• _Work to complete_
From the data below, repeat exactly the lines from the line with "60.3h10.1M227.5 69.1l3.2 .2M227.7" to the line with "68.1h-.1M229.8 68.1l-.1-.4-.1 .4", both included.

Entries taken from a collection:
---------------

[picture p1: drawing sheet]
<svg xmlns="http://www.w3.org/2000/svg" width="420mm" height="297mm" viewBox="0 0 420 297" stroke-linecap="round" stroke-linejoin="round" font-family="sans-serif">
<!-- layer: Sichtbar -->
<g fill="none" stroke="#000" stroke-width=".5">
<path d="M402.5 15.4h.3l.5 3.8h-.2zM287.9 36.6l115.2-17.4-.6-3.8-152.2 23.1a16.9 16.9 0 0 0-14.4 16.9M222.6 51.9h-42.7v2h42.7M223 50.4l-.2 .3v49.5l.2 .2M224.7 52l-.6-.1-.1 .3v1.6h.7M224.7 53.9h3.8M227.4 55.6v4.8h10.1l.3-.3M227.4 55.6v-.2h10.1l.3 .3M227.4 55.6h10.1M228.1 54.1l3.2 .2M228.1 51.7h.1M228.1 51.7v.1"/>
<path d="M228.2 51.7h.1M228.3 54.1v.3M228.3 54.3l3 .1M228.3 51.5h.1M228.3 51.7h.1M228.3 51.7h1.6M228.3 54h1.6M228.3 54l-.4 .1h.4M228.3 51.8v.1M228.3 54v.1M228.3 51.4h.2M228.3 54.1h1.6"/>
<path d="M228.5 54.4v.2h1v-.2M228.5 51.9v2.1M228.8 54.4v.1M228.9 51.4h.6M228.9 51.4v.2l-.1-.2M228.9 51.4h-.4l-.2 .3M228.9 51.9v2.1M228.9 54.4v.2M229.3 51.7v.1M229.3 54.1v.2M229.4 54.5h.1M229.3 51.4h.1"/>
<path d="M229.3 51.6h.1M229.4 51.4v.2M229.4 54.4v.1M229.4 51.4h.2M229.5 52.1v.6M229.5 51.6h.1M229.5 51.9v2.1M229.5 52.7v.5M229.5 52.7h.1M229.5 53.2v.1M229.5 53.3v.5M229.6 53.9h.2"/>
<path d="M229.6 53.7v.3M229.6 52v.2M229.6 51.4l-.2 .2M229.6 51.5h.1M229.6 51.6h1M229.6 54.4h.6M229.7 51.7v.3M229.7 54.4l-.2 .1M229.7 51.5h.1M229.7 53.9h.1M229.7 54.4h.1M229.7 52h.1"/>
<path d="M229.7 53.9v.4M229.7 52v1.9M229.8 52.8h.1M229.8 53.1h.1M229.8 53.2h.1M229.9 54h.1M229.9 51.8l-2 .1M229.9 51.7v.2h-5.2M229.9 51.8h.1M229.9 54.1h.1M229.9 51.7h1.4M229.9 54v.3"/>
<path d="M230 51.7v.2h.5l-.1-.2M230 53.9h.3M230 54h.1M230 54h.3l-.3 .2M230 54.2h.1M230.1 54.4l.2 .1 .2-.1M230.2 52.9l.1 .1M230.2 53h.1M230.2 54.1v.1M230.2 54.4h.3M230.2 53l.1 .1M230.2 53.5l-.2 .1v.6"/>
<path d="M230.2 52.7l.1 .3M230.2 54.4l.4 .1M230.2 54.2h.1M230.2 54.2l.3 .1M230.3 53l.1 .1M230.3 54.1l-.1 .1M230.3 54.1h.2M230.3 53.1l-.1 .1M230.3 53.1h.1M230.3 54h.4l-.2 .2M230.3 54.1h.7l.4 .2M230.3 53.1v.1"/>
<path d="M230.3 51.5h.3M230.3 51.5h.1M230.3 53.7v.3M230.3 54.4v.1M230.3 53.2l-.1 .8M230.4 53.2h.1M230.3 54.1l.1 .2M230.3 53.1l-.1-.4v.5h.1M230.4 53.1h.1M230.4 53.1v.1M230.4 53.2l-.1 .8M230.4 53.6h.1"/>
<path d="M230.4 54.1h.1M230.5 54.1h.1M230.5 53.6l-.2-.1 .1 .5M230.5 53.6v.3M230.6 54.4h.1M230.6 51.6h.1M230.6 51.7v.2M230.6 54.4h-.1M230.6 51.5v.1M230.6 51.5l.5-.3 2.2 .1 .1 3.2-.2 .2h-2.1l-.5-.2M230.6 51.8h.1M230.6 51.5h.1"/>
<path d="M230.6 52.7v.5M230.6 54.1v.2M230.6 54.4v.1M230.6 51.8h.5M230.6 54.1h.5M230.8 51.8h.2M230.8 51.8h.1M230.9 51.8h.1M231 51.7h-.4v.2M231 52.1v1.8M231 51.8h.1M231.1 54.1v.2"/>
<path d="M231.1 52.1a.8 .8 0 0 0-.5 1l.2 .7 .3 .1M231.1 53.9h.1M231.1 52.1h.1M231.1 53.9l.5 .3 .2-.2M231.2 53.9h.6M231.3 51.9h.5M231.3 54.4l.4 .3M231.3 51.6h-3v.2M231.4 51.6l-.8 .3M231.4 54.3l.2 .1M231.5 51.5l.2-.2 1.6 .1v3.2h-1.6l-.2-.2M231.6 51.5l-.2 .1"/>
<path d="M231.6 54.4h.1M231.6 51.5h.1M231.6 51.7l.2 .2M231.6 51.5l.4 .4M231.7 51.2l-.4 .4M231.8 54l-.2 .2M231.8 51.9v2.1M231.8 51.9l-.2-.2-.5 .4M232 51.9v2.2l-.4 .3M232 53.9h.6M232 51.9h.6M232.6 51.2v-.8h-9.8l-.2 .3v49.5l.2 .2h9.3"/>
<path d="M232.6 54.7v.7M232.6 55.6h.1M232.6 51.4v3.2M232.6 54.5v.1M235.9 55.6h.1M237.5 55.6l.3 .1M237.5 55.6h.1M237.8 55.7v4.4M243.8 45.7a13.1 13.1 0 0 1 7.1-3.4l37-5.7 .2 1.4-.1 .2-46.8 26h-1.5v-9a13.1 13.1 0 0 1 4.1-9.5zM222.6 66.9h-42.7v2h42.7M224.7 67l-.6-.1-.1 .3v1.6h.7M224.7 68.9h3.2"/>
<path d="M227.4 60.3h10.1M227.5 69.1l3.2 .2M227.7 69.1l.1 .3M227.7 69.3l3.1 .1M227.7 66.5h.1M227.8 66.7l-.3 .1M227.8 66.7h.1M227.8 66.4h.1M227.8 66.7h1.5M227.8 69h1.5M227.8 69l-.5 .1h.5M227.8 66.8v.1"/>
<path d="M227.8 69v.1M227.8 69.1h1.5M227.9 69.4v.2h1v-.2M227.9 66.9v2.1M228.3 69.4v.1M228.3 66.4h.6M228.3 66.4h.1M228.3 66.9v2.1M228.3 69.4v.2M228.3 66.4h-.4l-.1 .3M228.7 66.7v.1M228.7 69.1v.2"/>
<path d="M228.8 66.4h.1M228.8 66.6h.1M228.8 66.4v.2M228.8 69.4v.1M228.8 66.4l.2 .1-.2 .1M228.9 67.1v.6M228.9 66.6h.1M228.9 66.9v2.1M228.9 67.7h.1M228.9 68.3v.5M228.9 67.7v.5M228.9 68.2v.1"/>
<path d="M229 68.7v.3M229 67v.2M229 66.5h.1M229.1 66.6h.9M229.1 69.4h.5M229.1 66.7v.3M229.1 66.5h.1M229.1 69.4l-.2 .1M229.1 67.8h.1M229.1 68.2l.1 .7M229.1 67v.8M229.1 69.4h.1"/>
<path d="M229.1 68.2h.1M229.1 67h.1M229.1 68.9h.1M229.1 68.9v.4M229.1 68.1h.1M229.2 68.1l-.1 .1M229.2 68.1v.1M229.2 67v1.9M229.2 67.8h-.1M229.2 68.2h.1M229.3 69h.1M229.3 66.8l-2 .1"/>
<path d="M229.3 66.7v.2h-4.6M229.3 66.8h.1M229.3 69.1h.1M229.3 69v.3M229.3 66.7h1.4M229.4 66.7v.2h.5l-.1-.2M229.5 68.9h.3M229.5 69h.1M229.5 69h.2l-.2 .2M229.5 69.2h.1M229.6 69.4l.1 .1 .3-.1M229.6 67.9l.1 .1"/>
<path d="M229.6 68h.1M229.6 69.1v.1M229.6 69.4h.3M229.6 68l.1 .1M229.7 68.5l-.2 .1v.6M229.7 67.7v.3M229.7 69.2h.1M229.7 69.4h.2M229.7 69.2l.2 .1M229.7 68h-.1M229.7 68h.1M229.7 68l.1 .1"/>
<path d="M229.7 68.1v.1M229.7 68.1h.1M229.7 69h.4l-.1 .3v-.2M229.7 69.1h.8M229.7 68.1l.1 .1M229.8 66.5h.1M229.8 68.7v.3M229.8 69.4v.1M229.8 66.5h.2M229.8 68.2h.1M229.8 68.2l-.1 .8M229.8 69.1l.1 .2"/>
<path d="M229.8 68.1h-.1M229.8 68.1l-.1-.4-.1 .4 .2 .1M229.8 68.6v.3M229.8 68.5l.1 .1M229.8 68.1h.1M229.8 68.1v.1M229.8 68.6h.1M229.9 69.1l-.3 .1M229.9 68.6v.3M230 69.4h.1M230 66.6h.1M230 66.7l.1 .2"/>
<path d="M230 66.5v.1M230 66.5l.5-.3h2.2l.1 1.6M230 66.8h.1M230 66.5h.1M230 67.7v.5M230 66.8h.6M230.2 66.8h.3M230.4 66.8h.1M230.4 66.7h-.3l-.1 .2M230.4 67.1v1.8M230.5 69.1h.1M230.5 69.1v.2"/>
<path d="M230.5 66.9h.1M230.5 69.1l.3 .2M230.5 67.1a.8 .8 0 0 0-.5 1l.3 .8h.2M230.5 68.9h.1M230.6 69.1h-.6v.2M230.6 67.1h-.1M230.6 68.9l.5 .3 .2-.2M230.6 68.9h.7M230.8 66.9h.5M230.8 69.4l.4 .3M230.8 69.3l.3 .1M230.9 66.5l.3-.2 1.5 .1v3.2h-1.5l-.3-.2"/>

---------------

• _Result_
<path d="M227.4 60.3h10.1M227.5 69.1l3.2 .2M227.7 69.1l.1 .3M227.7 69.3l3.1 .1M227.7 66.5h.1M227.8 66.7l-.3 .1M227.8 66.7h.1M227.8 66.4h.1M227.8 66.7h1.5M227.8 69h1.5M227.8 69l-.5 .1h.5M227.8 66.8v.1"/>
<path d="M227.8 69v.1M227.8 69.1h1.5M227.9 69.4v.2h1v-.2M227.9 66.9v2.1M228.3 69.4v.1M228.3 66.4h.6M228.3 66.4h.1M228.3 66.9v2.1M228.3 69.4v.2M228.3 66.4h-.4l-.1 .3M228.7 66.7v.1M228.7 69.1v.2"/>
<path d="M228.8 66.4h.1M228.8 66.6h.1M228.8 66.4v.2M228.8 69.4v.1M228.8 66.4l.2 .1-.2 .1M228.9 67.1v.6M228.9 66.6h.1M228.9 66.9v2.1M228.9 67.7h.1M228.9 68.3v.5M228.9 67.7v.5M228.9 68.2v.1"/>
<path d="M229 68.7v.3M229 67v.2M229 66.5h.1M229.1 66.6h.9M229.1 69.4h.5M229.1 66.7v.3M229.1 66.5h.1M229.1 69.4l-.2 .1M229.1 67.8h.1M229.1 68.2l.1 .7M229.1 67v.8M229.1 69.4h.1"/>
<path d="M229.1 68.2h.1M229.1 67h.1M229.1 68.9h.1M229.1 68.9v.4M229.1 68.1h.1M229.2 68.1l-.1 .1M229.2 68.1v.1M229.2 67v1.9M229.2 67.8h-.1M229.2 68.2h.1M229.3 69h.1M229.3 66.8l-2 .1"/>
<path d="M229.3 66.7v.2h-4.6M229.3 66.8h.1M229.3 69.1h.1M229.3 69v.3M229.3 66.7h1.4M229.4 66.7v.2h.5l-.1-.2M229.5 68.9h.3M229.5 69h.1M229.5 69h.2l-.2 .2M229.5 69.2h.1M229.6 69.4l.1 .1 .3-.1M229.6 67.9l.1 .1"/>
<path d="M229.6 68h.1M229.6 69.1v.1M229.6 69.4h.3M229.6 68l.1 .1M229.7 68.5l-.2 .1v.6M229.7 67.7v.3M229.7 69.2h.1M229.7 69.4h.2M229.7 69.2l.2 .1M229.7 68h-.1M229.7 68h.1M229.7 68l.1 .1"/>
<path d="M229.7 68.1v.1M229.7 68.1h.1M229.7 69h.4l-.1 .3v-.2M229.7 69.1h.8M229.7 68.1l.1 .1M229.8 66.5h.1M229.8 68.7v.3M229.8 69.4v.1M229.8 66.5h.2M229.8 68.2h.1M229.8 68.2l-.1 .8M229.8 69.1l.1 .2"/>
<path d="M229.8 68.1h-.1M229.8 68.1l-.1-.4-.1 .4 .2 .1M229.8 68.6v.3M229.8 68.5l.1 .1M229.8 68.1h.1M229.8 68.1v.1M229.8 68.6h.1M229.9 69.1l-.3 .1M229.9 68.6v.3M230 69.4h.1M230 66.6h.1M230 66.7l.1 .2"/>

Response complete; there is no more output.